As for the “politically and ideologically homogenous” comment, I wish it were true.  In a knucklehead move to attract more voters, we have folks like John McCain, Colin Powell, and others who are turning the Republican Party into a “lite” version of the Democrat party.  The way to attract more voters is for Republicans to govern as conservatives when elected, not as RINOs.

“[T]otally out of step with the rest of the nation?”  Is that why nearly 46% of us voted for the Republican candidate for President, including a razor thin majority of Beaver County voters?

“Some Republicans might think the Obama parody is funny, but their party’s shrinking base is no laughing matter.  The party is in danger of marginalizing itself, and that’s not good for it or our nation’s two-party system.”

[RWC] The parody is not an “Obama parody” and the Times knows it.  That said, count me as one of those who believe the parody is funny.  Funnier, though, is the editorial’s implication the Times is concerned about the Republican Party.  Then again, I guess the Times needs someone to blame when all the leftist programs fail.

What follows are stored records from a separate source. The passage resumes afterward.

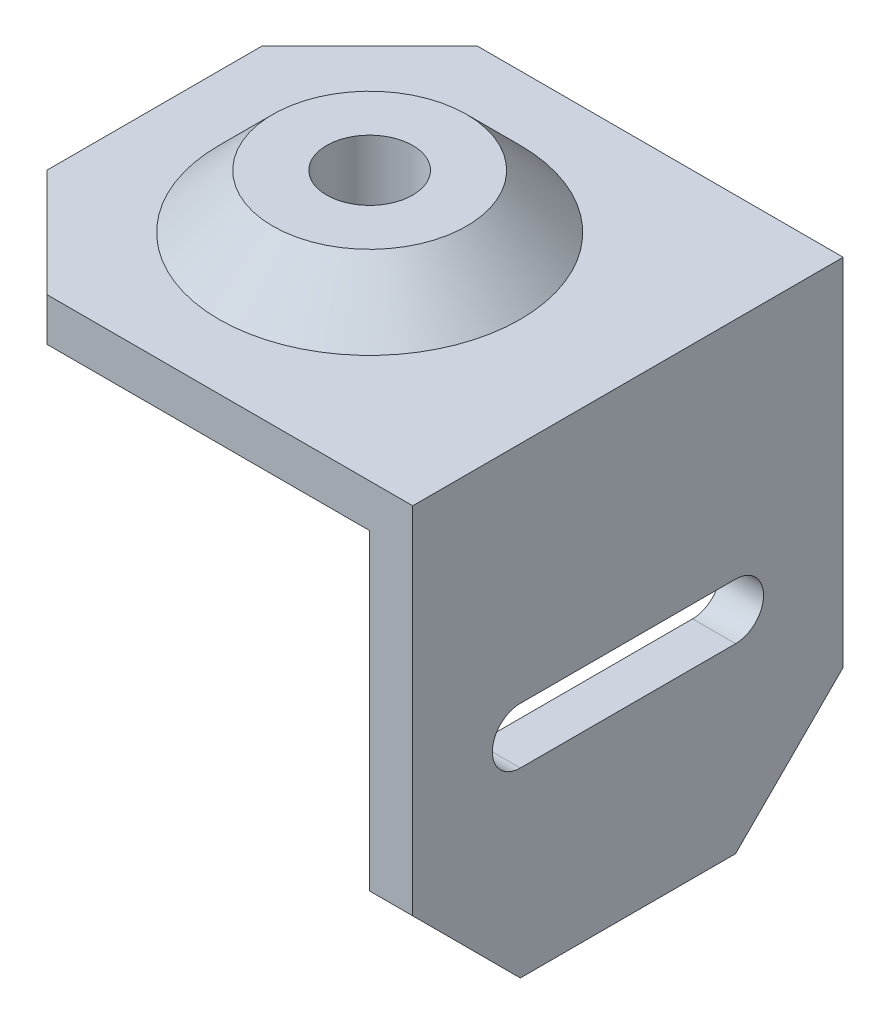
ISO-10303-21;
HEADER;
FILE_DESCRIPTION(('STEP AP214'),'2;1');
FILE_NAME('part.step','',(''),(''),'','','');
FILE_SCHEMA(('AUTOMOTIVE_DESIGN { 1 0 10303 214 1 1 1 1 }'));
ENDSEC;
DATA;
#1=APPLICATION_CONTEXT('core data for automotive mechanical design processes');
#2=APPLICATION_PROTOCOL_DEFINITION('international standard','automotive_design',2000,#1);
#3=PRODUCT_CONTEXT('',#1,'mechanical');
#4=PRODUCT('Part','Part','',(#3));
#5=PRODUCT_RELATED_PRODUCT_CATEGORY('part','',(#4));
#6=PRODUCT_DEFINITION_FORMATION('','',#4);
#7=PRODUCT_DEFINITION_CONTEXT('part definition',#1,'design');
#8=PRODUCT_DEFINITION('design','',#6,#7);
#9=PRODUCT_DEFINITION_SHAPE('','',#8);
#10=(LENGTH_UNIT() NAMED_UNIT(*) SI_UNIT(.MILLI.,.METRE.));
#11=(NAMED_UNIT(*) PLANE_ANGLE_UNIT() SI_UNIT($,.RADIAN.));
#12=(NAMED_UNIT(*) SI_UNIT($,.STERADIAN.) SOLID_ANGLE_UNIT());
#13=UNCERTAINTY_MEASURE_WITH_UNIT(LENGTH_MEASURE(1.E-05),#10,'distance_accuracy_value','');
#14=(GEOMETRIC_REPRESENTATION_CONTEXT(3) GLOBAL_UNCERTAINTY_ASSIGNED_CONTEXT((#13)) GLOBAL_UNIT_ASSIGNED_CONTEXT((#10,
#11,#12)) REPRESENTATION_CONTEXT('',''));
#15=CARTESIAN_POINT('',(0.,0.,0.));
#16=DIRECTION('',(0.,0.,1.));
#17=DIRECTION('',(1.,0.,0.));
#18=AXIS2_PLACEMENT_3D('',#15,#16,#17);
#19=CARTESIAN_POINT('',(0.,4.,0.));
#20=DIRECTION('',(0.,1.,0.));
#21=DIRECTION('',(0.,0.,1.));
#22=AXIS2_PLACEMENT_3D('',#19,#20,#21);
#23=PLANE('',#22);
#24=CARTESIAN_POINT('',(0.,4.,0.));
#25=DIRECTION('',(0.,1.,0.));
#26=DIRECTION('',(0.,0.,1.));
#27=AXIS2_PLACEMENT_3D('',#24,#25,#26);
#28=CIRCLE('',#27,14.);
#29=CARTESIAN_POINT('',(0.,4.,14.));
#30=VERTEX_POINT('',#29);
#31=EDGE_CURVE('E215',#30,#30,#28,.F.);
#32=ORIENTED_EDGE('',*,*,#31,.T.);
#33=EDGE_LOOP('',(#32));
#34=FACE_BOUND('',#33,.T.);
#35=DIRECTION('',(-1.,0.,0.));
#36=VECTOR('',#35,1.);
#37=CARTESIAN_POINT('',(-20.,4.,-20.));
#38=LINE('',#37,#36);
#39=CARTESIAN_POINT('',(24.,4.,-20.));
#40=VERTEX_POINT('',#39);
#41=CARTESIAN_POINT('',(-9.99999999999995,4.,-20.));
#42=VERTEX_POINT('',#41);
#43=EDGE_CURVE('E208',#40,#42,#38,.T.);
#44=ORIENTED_EDGE('',*,*,#43,.T.);
#45=DIRECTION('',(0.707106781186549,0.,-0.707106781186546));
#46=VECTOR('',#45,1.);
#47=CARTESIAN_POINT('',(-15.,4.,-15.));
#48=LINE('',#47,#46);
#49=CARTESIAN_POINT('',(-20.,4.,-10.));
#50=VERTEX_POINT('',#49);
#51=EDGE_CURVE('E11',#42,#50,#48,.F.);
#52=ORIENTED_EDGE('',*,*,#51,.T.);
#53=DIRECTION('',(0.,0.,1.));
#54=VECTOR('',#53,1.);
#55=CARTESIAN_POINT('',(-20.,4.,-20.));
#56=LINE('',#55,#54);
#57=CARTESIAN_POINT('',(-20.,4.,9.99999999999997));
#58=VERTEX_POINT('',#57);
#59=EDGE_CURVE('E210',#50,#58,#56,.T.);
#60=ORIENTED_EDGE('',*,*,#59,.T.);
#61=DIRECTION('',(-0.707106781186546,0.,-0.707106781186549));
#62=VECTOR('',#61,1.);
#63=CARTESIAN_POINT('',(-15.,4.,15.));
#64=LINE('',#63,#62);
#65=CARTESIAN_POINT('',(-10.,4.,20.));
#66=VERTEX_POINT('',#65);
#67=EDGE_CURVE('E41',#58,#66,#64,.F.);
#68=ORIENTED_EDGE('',*,*,#67,.T.);
#69=DIRECTION('',(1.,0.,0.));
#70=VECTOR('',#69,1.);
#71=CARTESIAN_POINT('',(-20.,4.,20.));
#72=LINE('',#71,#70);
#73=CARTESIAN_POINT('',(24.,4.,20.));
#74=VERTEX_POINT('',#73);
#75=EDGE_CURVE('E213',#66,#74,#72,.T.);
#76=ORIENTED_EDGE('',*,*,#75,.T.);
#77=DIRECTION('',(0.,0.,1.));
#78=VECTOR('',#77,1.);
#79=CARTESIAN_POINT('',(24.,4.,20.));
#80=LINE('',#79,#78);
#81=EDGE_CURVE('E189',#40,#74,#80,.T.);
#82=ORIENTED_EDGE('',*,*,#81,.F.);
#83=EDGE_LOOP('',(#44,#52,#60,#68,#76,#82));
#84=FACE_BOUND('',#83,.T.);
#85=ADVANCED_FACE('F33',(#34,#84),#23,.T.);
#86=CARTESIAN_POINT('',(0.,0.,0.));
#87=DIRECTION('',(0.,1.,0.));
#88=DIRECTION('',(0.,0.,1.));
#89=AXIS2_PLACEMENT_3D('',#86,#87,#88);
#90=PLANE('',#89);
#91=DIRECTION('',(0.,0.,1.));
#92=VECTOR('',#91,1.);
#93=CARTESIAN_POINT('',(-20.,0.,-20.));
#94=LINE('',#93,#92);
#95=CARTESIAN_POINT('',(-20.,0.,-10.));
#96=VERTEX_POINT('',#95);
#97=CARTESIAN_POINT('',(-20.,0.,9.99999999999997));
#98=VERTEX_POINT('',#97);
#99=EDGE_CURVE('E221',#96,#98,#94,.T.);
#100=ORIENTED_EDGE('',*,*,#99,.F.);
#101=DIRECTION('',(-0.707106781186549,0.,0.707106781186546));
#102=VECTOR('',#101,1.);
#103=CARTESIAN_POINT('',(-20.,0.,-10.));
#104=LINE('',#103,#102);
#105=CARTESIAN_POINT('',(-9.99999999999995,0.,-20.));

Ask yourself this question.  Given the choice of bashing Mr. Saltsman for sending out a CD full of parodies of persons on both the left and right or taking Sen. Arlen Specter to task for telling Polish jokes at a high profile dinner, why did the Times choose to write about Mr. Saltsman?  A search of the Times website indicates the Times didn’t even carry the Specter story in its “news” section.  That’s why I had to link to the Pittsburgh Post-Gazette.  I also found no editorials when Sen. Hillary Clinton (D-NY) used a racial stereotype about Mahatma Gandhi when she joked, “He ran a gas station down in St. Louis” (1/3/04).  Likewise, no mention was made when VP-elect Joe Biden (D-DE) said, “You cannot go to a 7-Eleven or a Dunkin’ Donuts unless you have a slight Indian accent.  I’m not joking.”

Finally, who was it that claimed Mr. Obama couldn’t be elected because of his skin color?  It was Democrats during the primaries.